(Records from a collection)
● ● ● ●

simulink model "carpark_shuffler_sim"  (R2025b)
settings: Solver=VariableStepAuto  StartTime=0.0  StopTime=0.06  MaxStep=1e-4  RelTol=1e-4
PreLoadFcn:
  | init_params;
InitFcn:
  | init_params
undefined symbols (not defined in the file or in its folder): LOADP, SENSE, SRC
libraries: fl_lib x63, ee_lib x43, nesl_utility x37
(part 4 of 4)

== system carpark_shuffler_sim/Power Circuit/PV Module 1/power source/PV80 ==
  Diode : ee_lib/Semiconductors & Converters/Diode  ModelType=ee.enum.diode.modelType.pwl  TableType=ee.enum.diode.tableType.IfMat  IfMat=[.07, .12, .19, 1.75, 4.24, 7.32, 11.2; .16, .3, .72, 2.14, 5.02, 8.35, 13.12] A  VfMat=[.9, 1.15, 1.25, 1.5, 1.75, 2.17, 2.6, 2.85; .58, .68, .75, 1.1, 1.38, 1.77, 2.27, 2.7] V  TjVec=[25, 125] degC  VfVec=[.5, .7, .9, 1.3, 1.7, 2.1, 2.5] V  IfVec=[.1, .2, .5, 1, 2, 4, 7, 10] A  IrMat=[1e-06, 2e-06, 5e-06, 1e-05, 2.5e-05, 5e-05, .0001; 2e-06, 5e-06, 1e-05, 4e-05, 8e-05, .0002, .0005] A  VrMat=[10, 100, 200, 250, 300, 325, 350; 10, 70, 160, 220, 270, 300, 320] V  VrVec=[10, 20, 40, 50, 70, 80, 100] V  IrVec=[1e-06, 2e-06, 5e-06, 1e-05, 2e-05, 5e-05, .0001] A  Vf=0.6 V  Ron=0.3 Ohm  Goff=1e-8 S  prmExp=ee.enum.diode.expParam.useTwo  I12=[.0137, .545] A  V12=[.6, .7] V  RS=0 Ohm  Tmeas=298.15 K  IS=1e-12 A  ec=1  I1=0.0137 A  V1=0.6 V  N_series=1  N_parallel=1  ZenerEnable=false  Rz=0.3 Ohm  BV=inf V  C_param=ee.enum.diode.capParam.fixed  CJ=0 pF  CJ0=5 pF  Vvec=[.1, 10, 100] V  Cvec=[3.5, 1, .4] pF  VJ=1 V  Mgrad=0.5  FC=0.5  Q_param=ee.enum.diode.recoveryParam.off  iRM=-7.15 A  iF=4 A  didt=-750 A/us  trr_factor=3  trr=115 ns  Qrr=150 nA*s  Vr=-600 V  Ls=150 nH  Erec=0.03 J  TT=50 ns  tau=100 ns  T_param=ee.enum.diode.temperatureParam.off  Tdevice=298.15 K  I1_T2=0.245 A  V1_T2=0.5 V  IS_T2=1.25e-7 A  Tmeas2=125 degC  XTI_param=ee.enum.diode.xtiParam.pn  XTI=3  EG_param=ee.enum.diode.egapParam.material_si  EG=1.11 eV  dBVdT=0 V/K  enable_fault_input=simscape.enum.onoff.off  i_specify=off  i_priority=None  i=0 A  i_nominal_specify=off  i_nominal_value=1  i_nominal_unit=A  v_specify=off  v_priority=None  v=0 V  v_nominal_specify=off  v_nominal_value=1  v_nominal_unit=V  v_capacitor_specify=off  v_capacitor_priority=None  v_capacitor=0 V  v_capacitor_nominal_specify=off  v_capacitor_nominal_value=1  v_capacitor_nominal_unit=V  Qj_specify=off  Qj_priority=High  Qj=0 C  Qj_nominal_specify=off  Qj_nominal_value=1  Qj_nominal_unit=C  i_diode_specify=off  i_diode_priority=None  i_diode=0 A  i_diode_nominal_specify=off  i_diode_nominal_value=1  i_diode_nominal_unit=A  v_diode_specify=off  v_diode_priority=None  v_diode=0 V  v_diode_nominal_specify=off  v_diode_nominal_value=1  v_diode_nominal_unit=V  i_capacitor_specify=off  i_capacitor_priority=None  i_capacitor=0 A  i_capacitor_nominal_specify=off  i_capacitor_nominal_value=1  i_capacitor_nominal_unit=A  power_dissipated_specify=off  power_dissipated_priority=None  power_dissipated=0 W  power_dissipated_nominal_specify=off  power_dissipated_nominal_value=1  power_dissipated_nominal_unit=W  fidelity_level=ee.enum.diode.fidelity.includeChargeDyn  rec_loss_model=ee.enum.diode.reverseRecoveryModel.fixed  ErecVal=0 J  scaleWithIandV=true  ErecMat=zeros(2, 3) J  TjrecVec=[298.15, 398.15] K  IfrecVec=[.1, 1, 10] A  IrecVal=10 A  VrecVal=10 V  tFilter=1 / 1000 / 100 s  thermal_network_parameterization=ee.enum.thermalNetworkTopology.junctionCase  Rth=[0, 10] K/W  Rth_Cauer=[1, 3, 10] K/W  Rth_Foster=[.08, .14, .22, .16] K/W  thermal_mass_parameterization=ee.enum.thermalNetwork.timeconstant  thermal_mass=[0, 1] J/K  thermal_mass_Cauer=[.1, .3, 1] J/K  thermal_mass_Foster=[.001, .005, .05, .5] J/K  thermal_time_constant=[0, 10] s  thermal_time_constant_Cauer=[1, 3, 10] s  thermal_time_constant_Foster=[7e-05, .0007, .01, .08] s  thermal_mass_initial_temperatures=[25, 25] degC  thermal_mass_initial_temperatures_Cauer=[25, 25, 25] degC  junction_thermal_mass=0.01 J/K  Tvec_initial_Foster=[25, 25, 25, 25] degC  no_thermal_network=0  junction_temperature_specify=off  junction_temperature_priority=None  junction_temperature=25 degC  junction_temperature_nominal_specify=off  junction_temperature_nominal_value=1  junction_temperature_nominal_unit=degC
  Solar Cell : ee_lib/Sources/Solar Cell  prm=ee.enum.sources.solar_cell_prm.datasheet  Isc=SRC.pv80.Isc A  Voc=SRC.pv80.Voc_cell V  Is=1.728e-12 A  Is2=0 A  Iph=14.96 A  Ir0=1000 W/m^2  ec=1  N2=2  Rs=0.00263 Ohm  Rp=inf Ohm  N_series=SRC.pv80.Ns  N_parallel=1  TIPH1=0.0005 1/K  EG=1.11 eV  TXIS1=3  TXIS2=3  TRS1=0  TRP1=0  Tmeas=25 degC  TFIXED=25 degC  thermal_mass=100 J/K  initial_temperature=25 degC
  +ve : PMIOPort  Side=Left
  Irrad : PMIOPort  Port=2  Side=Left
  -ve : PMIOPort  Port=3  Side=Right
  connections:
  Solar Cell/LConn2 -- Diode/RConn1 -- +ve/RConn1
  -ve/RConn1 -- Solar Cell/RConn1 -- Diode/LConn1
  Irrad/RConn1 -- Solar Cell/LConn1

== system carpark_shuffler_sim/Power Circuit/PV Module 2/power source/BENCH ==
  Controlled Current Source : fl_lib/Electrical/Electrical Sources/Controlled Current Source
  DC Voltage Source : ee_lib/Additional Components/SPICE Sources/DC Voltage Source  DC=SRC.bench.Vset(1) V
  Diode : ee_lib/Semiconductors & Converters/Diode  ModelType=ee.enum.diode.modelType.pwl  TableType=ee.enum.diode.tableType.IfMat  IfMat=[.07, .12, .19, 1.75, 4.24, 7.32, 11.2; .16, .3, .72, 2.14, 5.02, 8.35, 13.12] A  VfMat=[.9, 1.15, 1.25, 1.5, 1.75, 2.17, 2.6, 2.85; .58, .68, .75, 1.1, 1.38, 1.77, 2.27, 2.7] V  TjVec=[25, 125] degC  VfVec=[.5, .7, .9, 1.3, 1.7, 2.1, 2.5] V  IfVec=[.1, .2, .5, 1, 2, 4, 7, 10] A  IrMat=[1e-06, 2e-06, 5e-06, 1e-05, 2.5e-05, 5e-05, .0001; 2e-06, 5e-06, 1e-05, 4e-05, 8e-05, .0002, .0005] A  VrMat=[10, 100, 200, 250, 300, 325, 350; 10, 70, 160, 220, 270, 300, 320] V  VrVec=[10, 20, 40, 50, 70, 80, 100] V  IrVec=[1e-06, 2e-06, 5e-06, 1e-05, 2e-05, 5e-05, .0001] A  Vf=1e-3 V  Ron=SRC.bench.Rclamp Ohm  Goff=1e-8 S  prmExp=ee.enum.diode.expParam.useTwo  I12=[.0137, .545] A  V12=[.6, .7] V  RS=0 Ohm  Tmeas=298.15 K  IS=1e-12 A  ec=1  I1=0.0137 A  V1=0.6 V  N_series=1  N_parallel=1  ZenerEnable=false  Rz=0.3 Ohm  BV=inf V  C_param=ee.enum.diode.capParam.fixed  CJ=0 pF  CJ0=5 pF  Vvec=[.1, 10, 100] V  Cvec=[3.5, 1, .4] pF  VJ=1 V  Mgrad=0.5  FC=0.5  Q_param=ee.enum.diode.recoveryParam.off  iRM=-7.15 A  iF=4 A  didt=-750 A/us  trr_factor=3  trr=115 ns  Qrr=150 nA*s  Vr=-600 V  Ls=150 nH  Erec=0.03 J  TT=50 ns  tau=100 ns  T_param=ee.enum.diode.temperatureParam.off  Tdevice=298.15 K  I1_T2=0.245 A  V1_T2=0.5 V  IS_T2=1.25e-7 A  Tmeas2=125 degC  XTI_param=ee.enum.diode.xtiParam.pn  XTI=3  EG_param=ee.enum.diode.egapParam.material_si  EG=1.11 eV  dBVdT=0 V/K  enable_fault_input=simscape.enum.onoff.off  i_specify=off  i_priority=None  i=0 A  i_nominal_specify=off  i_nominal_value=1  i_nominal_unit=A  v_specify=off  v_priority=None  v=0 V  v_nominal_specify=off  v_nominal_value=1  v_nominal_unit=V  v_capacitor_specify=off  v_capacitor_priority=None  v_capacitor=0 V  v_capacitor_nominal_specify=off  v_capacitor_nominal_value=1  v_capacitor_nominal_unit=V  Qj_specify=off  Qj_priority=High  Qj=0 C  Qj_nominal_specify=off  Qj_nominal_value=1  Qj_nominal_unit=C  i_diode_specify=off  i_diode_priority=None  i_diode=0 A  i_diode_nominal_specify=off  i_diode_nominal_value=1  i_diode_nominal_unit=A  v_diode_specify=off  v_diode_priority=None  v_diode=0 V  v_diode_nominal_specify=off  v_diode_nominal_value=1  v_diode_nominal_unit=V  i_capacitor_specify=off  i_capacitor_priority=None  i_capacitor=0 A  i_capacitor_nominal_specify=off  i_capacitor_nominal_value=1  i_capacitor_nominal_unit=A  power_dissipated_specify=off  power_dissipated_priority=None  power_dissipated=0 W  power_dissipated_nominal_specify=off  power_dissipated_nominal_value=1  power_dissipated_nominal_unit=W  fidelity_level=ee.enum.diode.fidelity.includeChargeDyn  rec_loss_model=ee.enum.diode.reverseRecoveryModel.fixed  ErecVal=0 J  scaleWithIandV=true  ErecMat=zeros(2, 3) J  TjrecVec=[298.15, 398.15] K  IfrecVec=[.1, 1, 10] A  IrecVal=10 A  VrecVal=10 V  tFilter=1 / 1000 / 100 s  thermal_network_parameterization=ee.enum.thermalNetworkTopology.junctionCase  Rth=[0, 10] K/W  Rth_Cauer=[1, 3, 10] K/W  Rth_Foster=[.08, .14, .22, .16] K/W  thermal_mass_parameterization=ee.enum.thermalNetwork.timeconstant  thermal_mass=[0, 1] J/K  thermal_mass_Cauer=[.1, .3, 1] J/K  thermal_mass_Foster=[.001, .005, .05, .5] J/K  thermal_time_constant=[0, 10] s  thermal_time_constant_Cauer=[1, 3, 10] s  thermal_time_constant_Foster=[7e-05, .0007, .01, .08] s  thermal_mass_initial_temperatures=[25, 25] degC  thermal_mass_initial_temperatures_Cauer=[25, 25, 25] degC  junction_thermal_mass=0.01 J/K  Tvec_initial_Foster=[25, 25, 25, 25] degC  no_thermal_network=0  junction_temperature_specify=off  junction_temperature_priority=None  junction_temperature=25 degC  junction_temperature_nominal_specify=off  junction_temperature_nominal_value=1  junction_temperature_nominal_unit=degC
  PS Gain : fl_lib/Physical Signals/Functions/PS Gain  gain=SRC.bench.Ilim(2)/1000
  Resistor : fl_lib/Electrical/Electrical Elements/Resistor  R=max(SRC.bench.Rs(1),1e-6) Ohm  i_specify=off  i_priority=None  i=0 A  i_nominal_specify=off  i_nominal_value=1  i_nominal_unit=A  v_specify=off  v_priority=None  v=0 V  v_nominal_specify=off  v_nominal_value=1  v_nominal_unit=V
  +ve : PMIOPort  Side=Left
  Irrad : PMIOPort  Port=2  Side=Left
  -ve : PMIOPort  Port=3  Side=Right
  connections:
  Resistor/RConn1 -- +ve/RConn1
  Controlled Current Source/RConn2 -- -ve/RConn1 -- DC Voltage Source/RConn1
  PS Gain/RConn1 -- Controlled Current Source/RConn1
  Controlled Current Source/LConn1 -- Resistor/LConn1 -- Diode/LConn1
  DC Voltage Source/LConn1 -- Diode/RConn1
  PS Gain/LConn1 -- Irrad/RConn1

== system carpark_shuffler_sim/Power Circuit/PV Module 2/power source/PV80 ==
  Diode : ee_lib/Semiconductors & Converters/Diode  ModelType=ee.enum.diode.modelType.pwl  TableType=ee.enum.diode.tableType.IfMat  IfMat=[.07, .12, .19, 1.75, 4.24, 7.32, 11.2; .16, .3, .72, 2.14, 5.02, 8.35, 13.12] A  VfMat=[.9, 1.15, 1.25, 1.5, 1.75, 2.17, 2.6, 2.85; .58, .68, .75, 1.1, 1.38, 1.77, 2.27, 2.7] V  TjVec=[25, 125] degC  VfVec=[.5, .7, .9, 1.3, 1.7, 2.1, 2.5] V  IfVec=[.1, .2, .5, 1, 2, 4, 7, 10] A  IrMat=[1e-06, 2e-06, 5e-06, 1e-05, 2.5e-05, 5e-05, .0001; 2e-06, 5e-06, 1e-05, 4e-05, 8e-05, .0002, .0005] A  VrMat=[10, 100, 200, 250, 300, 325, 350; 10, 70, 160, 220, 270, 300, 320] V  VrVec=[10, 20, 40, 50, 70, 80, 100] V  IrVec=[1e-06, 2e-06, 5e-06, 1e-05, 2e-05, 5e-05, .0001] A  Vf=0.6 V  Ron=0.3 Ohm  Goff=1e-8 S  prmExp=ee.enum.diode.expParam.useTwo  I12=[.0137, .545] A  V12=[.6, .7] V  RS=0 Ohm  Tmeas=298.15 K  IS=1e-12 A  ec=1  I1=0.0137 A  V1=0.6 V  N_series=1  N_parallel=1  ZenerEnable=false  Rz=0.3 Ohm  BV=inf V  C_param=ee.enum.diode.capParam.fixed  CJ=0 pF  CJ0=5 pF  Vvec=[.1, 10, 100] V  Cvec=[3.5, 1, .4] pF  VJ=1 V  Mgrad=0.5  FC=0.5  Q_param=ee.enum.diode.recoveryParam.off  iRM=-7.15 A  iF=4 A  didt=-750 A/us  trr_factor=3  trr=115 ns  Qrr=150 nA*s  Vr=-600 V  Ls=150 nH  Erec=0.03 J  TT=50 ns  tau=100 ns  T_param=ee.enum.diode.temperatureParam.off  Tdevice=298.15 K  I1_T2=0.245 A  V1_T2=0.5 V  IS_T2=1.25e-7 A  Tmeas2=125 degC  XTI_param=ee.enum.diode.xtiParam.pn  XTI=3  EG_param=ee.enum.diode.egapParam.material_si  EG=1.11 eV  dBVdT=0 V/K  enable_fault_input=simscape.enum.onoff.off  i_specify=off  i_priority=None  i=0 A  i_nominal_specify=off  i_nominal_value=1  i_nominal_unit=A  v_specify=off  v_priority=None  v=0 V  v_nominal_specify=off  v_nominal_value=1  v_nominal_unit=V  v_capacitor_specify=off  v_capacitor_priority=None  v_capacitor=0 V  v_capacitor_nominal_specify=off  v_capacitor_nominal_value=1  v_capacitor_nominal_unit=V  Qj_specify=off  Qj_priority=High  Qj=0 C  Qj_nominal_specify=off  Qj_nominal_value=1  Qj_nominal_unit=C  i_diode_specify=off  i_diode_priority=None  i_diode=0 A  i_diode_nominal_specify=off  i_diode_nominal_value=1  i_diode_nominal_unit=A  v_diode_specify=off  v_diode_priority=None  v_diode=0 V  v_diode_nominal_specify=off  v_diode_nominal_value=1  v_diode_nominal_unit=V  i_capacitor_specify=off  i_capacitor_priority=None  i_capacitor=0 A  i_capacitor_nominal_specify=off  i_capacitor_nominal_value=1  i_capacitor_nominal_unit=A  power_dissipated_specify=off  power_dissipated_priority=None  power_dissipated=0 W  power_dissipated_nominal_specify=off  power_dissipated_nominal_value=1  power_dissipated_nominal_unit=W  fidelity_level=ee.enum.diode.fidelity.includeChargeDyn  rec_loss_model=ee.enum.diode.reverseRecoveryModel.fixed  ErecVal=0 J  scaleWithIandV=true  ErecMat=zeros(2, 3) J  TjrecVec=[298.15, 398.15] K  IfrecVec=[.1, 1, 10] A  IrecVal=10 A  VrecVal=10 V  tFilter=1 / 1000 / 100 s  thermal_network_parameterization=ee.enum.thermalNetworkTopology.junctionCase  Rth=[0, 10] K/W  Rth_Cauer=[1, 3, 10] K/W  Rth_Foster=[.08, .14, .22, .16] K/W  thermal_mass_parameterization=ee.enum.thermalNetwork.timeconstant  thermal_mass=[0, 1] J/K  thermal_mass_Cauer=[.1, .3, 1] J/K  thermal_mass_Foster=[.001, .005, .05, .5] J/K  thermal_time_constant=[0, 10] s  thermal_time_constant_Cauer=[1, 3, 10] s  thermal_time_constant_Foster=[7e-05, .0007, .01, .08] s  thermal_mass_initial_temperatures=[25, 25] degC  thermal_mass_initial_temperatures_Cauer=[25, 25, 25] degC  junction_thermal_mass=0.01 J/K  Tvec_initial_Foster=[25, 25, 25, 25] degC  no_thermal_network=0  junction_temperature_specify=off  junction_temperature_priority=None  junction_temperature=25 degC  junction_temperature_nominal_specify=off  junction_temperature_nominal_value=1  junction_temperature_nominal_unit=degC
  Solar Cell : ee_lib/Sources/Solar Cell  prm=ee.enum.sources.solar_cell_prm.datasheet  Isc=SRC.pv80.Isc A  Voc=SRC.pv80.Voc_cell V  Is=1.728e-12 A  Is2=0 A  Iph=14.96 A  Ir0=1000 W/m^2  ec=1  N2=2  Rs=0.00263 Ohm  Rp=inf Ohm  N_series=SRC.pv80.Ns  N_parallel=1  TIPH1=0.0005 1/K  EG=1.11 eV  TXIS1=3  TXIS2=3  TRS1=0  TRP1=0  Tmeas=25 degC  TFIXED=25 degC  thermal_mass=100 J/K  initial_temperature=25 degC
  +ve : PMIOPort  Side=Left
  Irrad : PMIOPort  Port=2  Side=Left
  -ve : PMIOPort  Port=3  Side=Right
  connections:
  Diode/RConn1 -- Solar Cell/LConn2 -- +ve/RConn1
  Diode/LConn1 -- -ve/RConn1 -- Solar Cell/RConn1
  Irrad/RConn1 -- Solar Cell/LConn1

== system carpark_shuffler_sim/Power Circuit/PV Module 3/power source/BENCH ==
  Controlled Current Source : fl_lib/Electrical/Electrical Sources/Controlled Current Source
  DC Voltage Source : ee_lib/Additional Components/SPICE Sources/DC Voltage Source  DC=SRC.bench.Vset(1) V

● ● ● ●

• _What is required_: Nothing should appear in the answer except the lines above from the line with "PS Gain/RConn1 -- Controlled" through the line with "Module 2/power source/PV80", both included, written out exactly.

• _Result for this exercise_:
  PS Gain/RConn1 -- Controlled Current Source/RConn1
  Controlled Current Source/LConn1 -- Resistor/LConn1 -- Diode/LConn1
  DC Voltage Source/LConn1 -- Diode/RConn1
  PS Gain/LConn1 -- Irrad/RConn1

== system carpark_shuffler_sim/Power Circuit/PV Module 2/power source/PV80 ==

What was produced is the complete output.